In summary, we present the case of a large, symptomatic simple hepatic cyst. We established that the cyst was the cause of symptoms only after systematically excluding alternative diagnoses through testing and empiric therapy. The usual standard of care for patients with large, simple hepatic cysts is observation, but our case demonstrates that large cysts can occasionally be responsible for symptoms. In selected cases, symptoms may respond to cyst treatment.
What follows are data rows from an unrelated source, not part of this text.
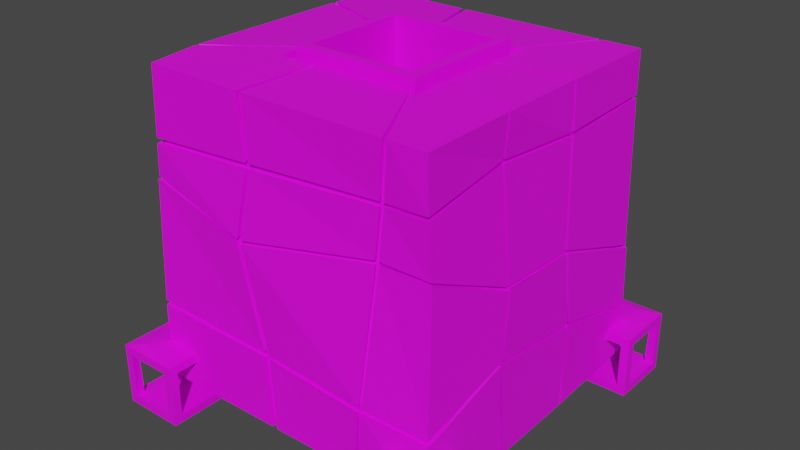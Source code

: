 # Source: fragile_block.blend  (saved by Blender 4.2.66; exported with 4.5.12 LTS)
import bpy
from mathutils import Matrix  # noqa: F401  (used for matrix-valued properties, if any)

bpy.ops.wm.read_factory_settings(use_empty=True)
scene = bpy.context.scene
scene.name = 'Scene'

# ---- collections
col_collection = bpy.data.collections.new('Collection'); scene.collection.children.link(col_collection)

# ---- images (referenced by path relative to the original .blend; pixels are not part of the script)
import os
ASSET_DIR = os.environ.get("B2B_ASSET_DIR", "")  # directory of the original .blend (textures are referenced by path, not embedded)
HERE = os.path.dirname(os.path.abspath(__file__))  # packed textures are extracted next to this script under _unpacked/

def load_image(name, relpath, width, height, colorspace="sRGB"):
    """Load a texture the original file referenced (path relative to the .blend, or extracted next to this script)."""
    p = next((c for c in (os.path.join(HERE, relpath), os.path.join(ASSET_DIR, relpath)) if relpath and os.path.exists(c)), "")
    if p:
        img = bpy.data.images.load(p, check_existing=True)
        img.name = name
    else:  # same state as the original file: an image datablock whose file is absent (Cycles renders it pink)
        img = bpy.data.images.new(name, width, height)
        img.source = "FILE"
        img.filepath = "//" + (relpath or name)
    img.colorspace_settings.name = colorspace
    return img
img_carry_vault_tex_png = load_image('carry_vault_tex.png', 'carry_vault_tex.png', 1024, 1024, 'sRGB')

# ---- materials (node trees are filled in below, after node groups)
mat_carry_vault_material = bpy.data.materials.new('carry_vault_material')
mat_carry_vault_material.use_transparent_shadow = False

# ---- material node trees
mat_carry_vault_material.use_nodes = True; mat_carry_vault_material.node_tree.nodes.clear()
_N = mat_carry_vault_material.node_tree.nodes; _L = mat_carry_vault_material.node_tree.links
n0 = _N.new('ShaderNodeBsdfPrincipled'); n0.name = 'Principled BSDF'; n0.location = (10, 300)
n0.distribution = 'GGX'
n0.subsurface_method = 'RANDOM_WALK_SKIN'
n0.inputs[3].default_value = 1.45
n0.inputs[27].default_value = (0.0, 0.0, 0.0, 1.0)
n0.inputs[28].default_value = 1.0
n1 = _N.new('ShaderNodeOutputMaterial'); n1.name = 'Material Output'; n1.location = (300, 300)
n2 = _N.new('ShaderNodeTexImage'); n2.name = '画像テクスチャ'; n2.location = (-280, 280)
n2.image = img_carry_vault_tex_png
_L.new(n0.outputs[0], n1.inputs[0])
_L.new(n2.outputs[0], n0.inputs[0])
n1.is_active_output = True

# ---- world
world_world = bpy.data.worlds.new('World'); scene.world = world_world
world_world.use_nodes = True; world_world.node_tree.nodes.clear()
_N = world_world.node_tree.nodes; _L = world_world.node_tree.links
n0 = _N.new('ShaderNodeOutputWorld'); n0.name = 'World Output'; n0.location = (300, 300)
n1 = _N.new('ShaderNodeBackground'); n1.name = 'Background'; n1.location = (10, 300)
n1.inputs[0].default_value = (0.05088, 0.05088, 0.05088, 1.0)
_L.new(n1.outputs[0], n0.inputs[0])
n0.is_active_output = True
world_world.color = (0.05088, 0.05088, 0.05088)
world_world.use_sun_shadow = False
world_world.sun_shadow_jitter_overblur = 0.0

# ---- meshes
me_001 = bpy.data.meshes.new('立方体.001')
me_001.from_pydata([(-0.3977, 0.3978, 0.07293), (-0.3775, 0.3789, 0.8689), (0.398, 0.3978, 0.07293), (0.381, 0.3789, 0.8689), (-0.3977, -0.3979, 0.07293), (-0.3775, -0.3796, 0.8689), (0.398, -0.3979, 0.07293), (0.381, -0.3796, 0.8689), (-0.3932, 0.3905, 0.4116), (0.3962, 0.3798, 0.3722), (0.3901, -0.3738, 0.5959), (-0.3873, -0.3856, 0.5959), (-0.3896, 0.3897, 0.4214), (0.3928, 0.3791, 0.378), (0.3867, -0.3731, 0.6038), (-0.3839, -0.3849, 0.6038), (0.378, 0.3657, 0.3771), (0.3835, 0.3644, 0.3714), (0.3741, -0.358, 0.6029), (0.3748, -0.3615, 0.595), (-0.3713, -0.3698, 0.603), (-0.372, -0.3733, 0.595), (-0.3805, 0.3751, 0.4109), (-0.3748, 0.3763, 0.4206), (-0.3808, 0.3762, 0.7242), (0.3818, 0.3792, 0.7516), (0.3833, -0.3785, 0.7309), (-0.3791, -0.3852, 0.6821), (-0.3805, 0.3763, 0.7354), (0.3816, 0.3791, 0.7607), (0.3831, -0.3785, 0.7416), (-0.3788, -0.3846, 0.6967), (0.3691, 0.3666, 0.7608), (0.3693, 0.3667, 0.7517), (0.3703, -0.3663, 0.7415), (0.371, -0.3658, 0.7308), (-0.3663, -0.3721, 0.6966), (-0.3667, -0.3725, 0.682), (-0.3677, 0.3642, 0.7243), (-0.3684, 0.3633, 0.7356), (0.4036, -0.1459, 0.06004), (0.4025, 0.1107, 0.0636), (0.385, 0.1051, 0.874), (0.3859, -0.1393, 0.8752), (-0.4009, 0.2174, 0.0636), (-0.403, -0.2642, 0.06004), (-0.3822, -0.2519, 0.8752), (-0.3803, 0.2067, 0.874), (-0.3935, -0.2613, 0.5334), (-0.3873, 0.2045, 0.4717), (0.3972, 0.1034, 0.4711), (0.4051, -0.1377, 0.4883), (-0.39, -0.2605, 0.5422), (-0.3837, 0.2037, 0.481), (0.3937, 0.1036, 0.4777), (0.4016, -0.138, 0.4957), (-0.3817, -0.2593, 0.5286), (-0.3766, 0.2002, 0.4685), (0.3861, 0.101, 0.4674), (0.3929, -0.1377, 0.4833), (-0.378, -0.2561, 0.5451), (-0.3727, 0.2012, 0.4837), (0.3825, 0.1028, 0.4808), (0.3889, -0.1358, 0.4991), (-0.3875, -0.2569, 0.6984), (-0.3837, 0.1527, 0.7125), (0.3864, 0.1058, 0.7476), (0.3765, -0.1382, 0.7615), (-0.3873, -0.2564, 0.7121), (-0.3833, 0.1529, 0.725), (0.3862, 0.1057, 0.7574), (0.3763, -0.1382, 0.7719), (-0.3762, -0.2537, 0.6947), (-0.3735, 0.1501, 0.7095), (0.3761, 0.1043, 0.7444), (0.3655, -0.1372, 0.7569), (-0.376, -0.2536, 0.7159), (-0.3733, 0.1498, 0.7279), (0.3758, 0.1046, 0.7608), (0.365, -0.1368, 0.7764), (0.4025, 0.1033, 0.0635), (0.385, 0.09807, 0.8741), (-0.4009, 0.2034, 0.0635), (-0.3803, 0.1935, 0.8741), (-0.3872, 0.191, 0.4735), (0.3973, 0.09641, 0.4716), (-0.3836, 0.1902, 0.4828), (0.3937, 0.09661, 0.4782), (-0.3784, 0.1867, 0.4685), (0.3871, 0.09408, 0.467), (-0.3731, 0.188, 0.4861), (0.3826, 0.09594, 0.4814), (-0.3838, 0.1394, 0.712), (0.3864, 0.09871, 0.748), (-0.3834, 0.1396, 0.7246), (0.3862, 0.09864, 0.7579), (-0.3744, 0.137, 0.7082), (0.3766, 0.09731, 0.7443), (-0.3745, 0.1366, 0.7287), (0.3761, 0.09758, 0.7615), (0.3947, 0.1032, 0.07091), (0.3953, 0.1106, 0.07164), (-0.3735, 0.1934, 0.8668), (-0.373, 0.2067, 0.8672), (0.3859, -0.1336, 0.8752), (0.3766, -0.1325, 0.7715), (0.4049, -0.1321, 0.4879), (0.3767, -0.1324, 0.7612), (-0.3821, -0.2412, 0.8752), (0.366, -0.1316, 0.7563), (-0.3799, -0.2451, 0.5459), (-0.3823, -0.2486, 0.5267), (-0.3931, 0.2172, 0.07106), (0.3782, 0.1051, 0.8667), (0.3777, 0.09802, 0.8673), (-0.3937, 0.2033, 0.0715), (0.3658, -0.1311, 0.7765), (0.4036, -0.1399, 0.06012), (-0.39, -0.2497, 0.5407), (-0.3936, -0.2504, 0.532), (-0.4029, -0.2529, 0.06012), (0.4014, -0.1323, 0.4953), (0.3898, -0.1301, 0.4999), (0.3932, -0.1322, 0.4824), (0.3976, 0.388, 0.203), (0.3968, -0.3899, 0.2332), (-0.3948, -0.3953, 0.2653), (-0.3944, 0.3884, 0.2784), (0.3999, 0.1237, 0.2733), (0.4061, -0.1544, 0.3136), (-0.4084, -0.2417, 0.2892), (-0.3984, 0.1981, 0.2633), (-0.3984, 0.1843, 0.264), (0.3999, 0.1165, 0.2734), (-0.3905, 0.1793, 0.2655), (-0.3892, 0.2004, 0.2647), (0.3915, 0.1268, 0.2746), (0.3928, 0.112, 0.2734), (-0.3875, -0.2461, 0.6987), (-0.3872, -0.2457, 0.7124), (-0.3778, -0.243, 0.6934), (-0.3772, -0.2429, 0.7175), (-0.4084, -0.2314, 0.2886), (0.4059, -0.1479, 0.3127), (0.376, -0.1334, 0.8671), (0.3769, -0.1392, 0.8661), (-0.3934, -0.2529, 0.07019), (-0.3931, -0.2642, 0.06976), (-0.3977, -0.2456, 0.2889), (-0.3975, -0.2276, 0.2892), (-0.3726, -0.252, 0.8667), (-0.3735, -0.2412, 0.8657), (0.3949, -0.158, 0.3142), (0.3944, -0.1461, 0.07039), (0.3937, -0.1401, 0.06983), (0.3951, -0.1442, 0.3126), (-0.3944, 0.3885, 0.2838), (-0.4082, -0.2322, 0.2987), (0.3922, 0.1115, 0.2815), (0.3927, 0.1273, 0.2828), (0.3975, 0.3877, 0.2099), (0.3966, -0.3893, 0.2483), (-0.3945, -0.3949, 0.279), (0.3998, 0.1229, 0.2814), (0.406, -0.1537, 0.3208), (-0.4082, -0.2425, 0.2994), (-0.3983, 0.1984, 0.2719), (-0.3983, 0.1846, 0.2727), (0.3998, 0.1156, 0.2816), (-0.3912, 0.1788, 0.274), (-0.3893, 0.201, 0.2732), (0.4059, -0.1473, 0.3199), (-0.3978, -0.2281, 0.2991), (0.396, -0.1583, 0.3214), (0.3952, -0.1434, 0.3197), (-0.3976, -0.2465, 0.2988), (0.389, 0.3801, 0.2101), (0.3901, 0.3794, 0.2032), (0.3881, -0.3817, 0.2483), (0.3898, -0.3809, 0.2332), (-0.3862, -0.3872, 0.2791), (-0.3875, -0.3867, 0.2653), (-0.3865, 0.3803, 0.2786), (-0.3864, 0.3804, 0.2841), (0.2113, 0.3978, 0.07727), (0.284, 0.3789, 0.8687), (0.2113, -0.3979, 0.07727), (0.284, -0.3796, 0.8687), (0.2611, -0.3758, 0.5968), (0.2066, 0.4059, 0.4139), (0.2597, -0.3751, 0.6049), (0.2051, 0.4052, 0.4206), (0.256, -0.3633, 0.5928), (0.2022, 0.3921, 0.4092), (0.2554, -0.3612, 0.6094), (0.2003, 0.3917, 0.4248), (0.2704, -0.3723, 0.7231), (0.2713, 0.3787, 0.7474), (0.2714, -0.3722, 0.7344), (0.2722, 0.3786, 0.7568), (0.2666, -0.3596, 0.7195), (0.2674, 0.3661, 0.7439), (0.2669, -0.3596, 0.7388), (0.268, 0.3659, 0.7614), (0.2103, 0.1278, 0.06921), (0.2115, -0.1652, 0.06603), (0.2258, 0.3881, 0.2192), (0.2279, -0.4004, 0.2419), (0.2265, 0.3878, 0.2258), (0.2293, -0.3998, 0.2567), (0.223, 0.3775, 0.2148), (0.2254, -0.3898, 0.2372), (0.224, 0.3771, 0.2304), (0.2265, -0.3891, 0.2611), (-0.03241, 0.3978, 0.07639), (-0.1027, -0.3796, 0.8675), (-0.111, -0.3976, 0.5258), (-0.1112, -0.3969, 0.534), (-0.1098, -0.3862, 0.5199), (-0.1101, -0.384, 0.5402), (-0.08519, -0.3824, 0.7022), (-0.08651, -0.3821, 0.7151), (-0.08385, -0.3707, 0.6969), (-0.08591, -0.3707, 0.7214), (-0.03883, 0.1682, 0.07684), (-0.03838, -0.2077, 0.06644), (-0.04921, -0.3931, 0.2541), (-0.1275, 0.1386, 0.8694), (-0.05044, -0.3926, 0.2684), (-0.04876, -0.383, 0.2485), (-0.04962, -0.3836, 0.2754), (-0.1027, 0.3789, 0.8675), (-0.03241, -0.3979, 0.07639), (-0.0622, 0.386, 0.3963), (-0.06244, 0.3853, 0.4047), (-0.06146, 0.3728, 0.3905), (-0.06086, 0.3734, 0.4112), (-0.1566, 0.3934, 0.7349), (-0.1574, 0.3934, 0.7452), (-0.1552, 0.3818, 0.7298), (-0.1567, 0.382, 0.7517), (-0.0497, 0.3883, 0.2492), (-0.05022, 0.3882, 0.2553), (-0.04942, 0.3783, 0.2439), (-0.04917, 0.3793, 0.2625), (-0.04739, 0.3978, 0.0763), (-0.1139, -0.3796, 0.8676), (-0.1238, -0.3978, 0.5258), (-0.1237, -0.3971, 0.534), (-0.1223, -0.3859, 0.5205), (-0.1225, -0.3834, 0.5393), (-0.09723, -0.3825, 0.7014), (-0.09849, -0.3822, 0.7143), (-0.09573, -0.3701, 0.6968), (-0.09762, -0.37, 0.7198), (-0.06339, -0.3931, 0.2546), (-0.1274, -0.1432, 0.8694), (0.1544, 0.1386, 0.8694), (-0.06456, -0.3926, 0.2689), (-0.06282, -0.3829, 0.2491), (-0.06365, -0.3825, 0.2746), (-0.1139, 0.3789, 0.8676), (-0.04739, -0.3978, 0.0763), (-0.07579, 0.3862, 0.397), (-0.07587, 0.3854, 0.4054), (-0.07483, 0.3728, 0.3913), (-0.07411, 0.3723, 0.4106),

Our treatment approach was ultrasound-guided aspiration and ethanol sclerotherapy. We believe that aspiration alone is associated with unacceptably high rates of recurrence. In our patient, excellent symptomatic and radiologic responses were achieved. In the case of cyst recurrence laparoscopic deroofing may be considered, though complications may occur in up to 25% of cases.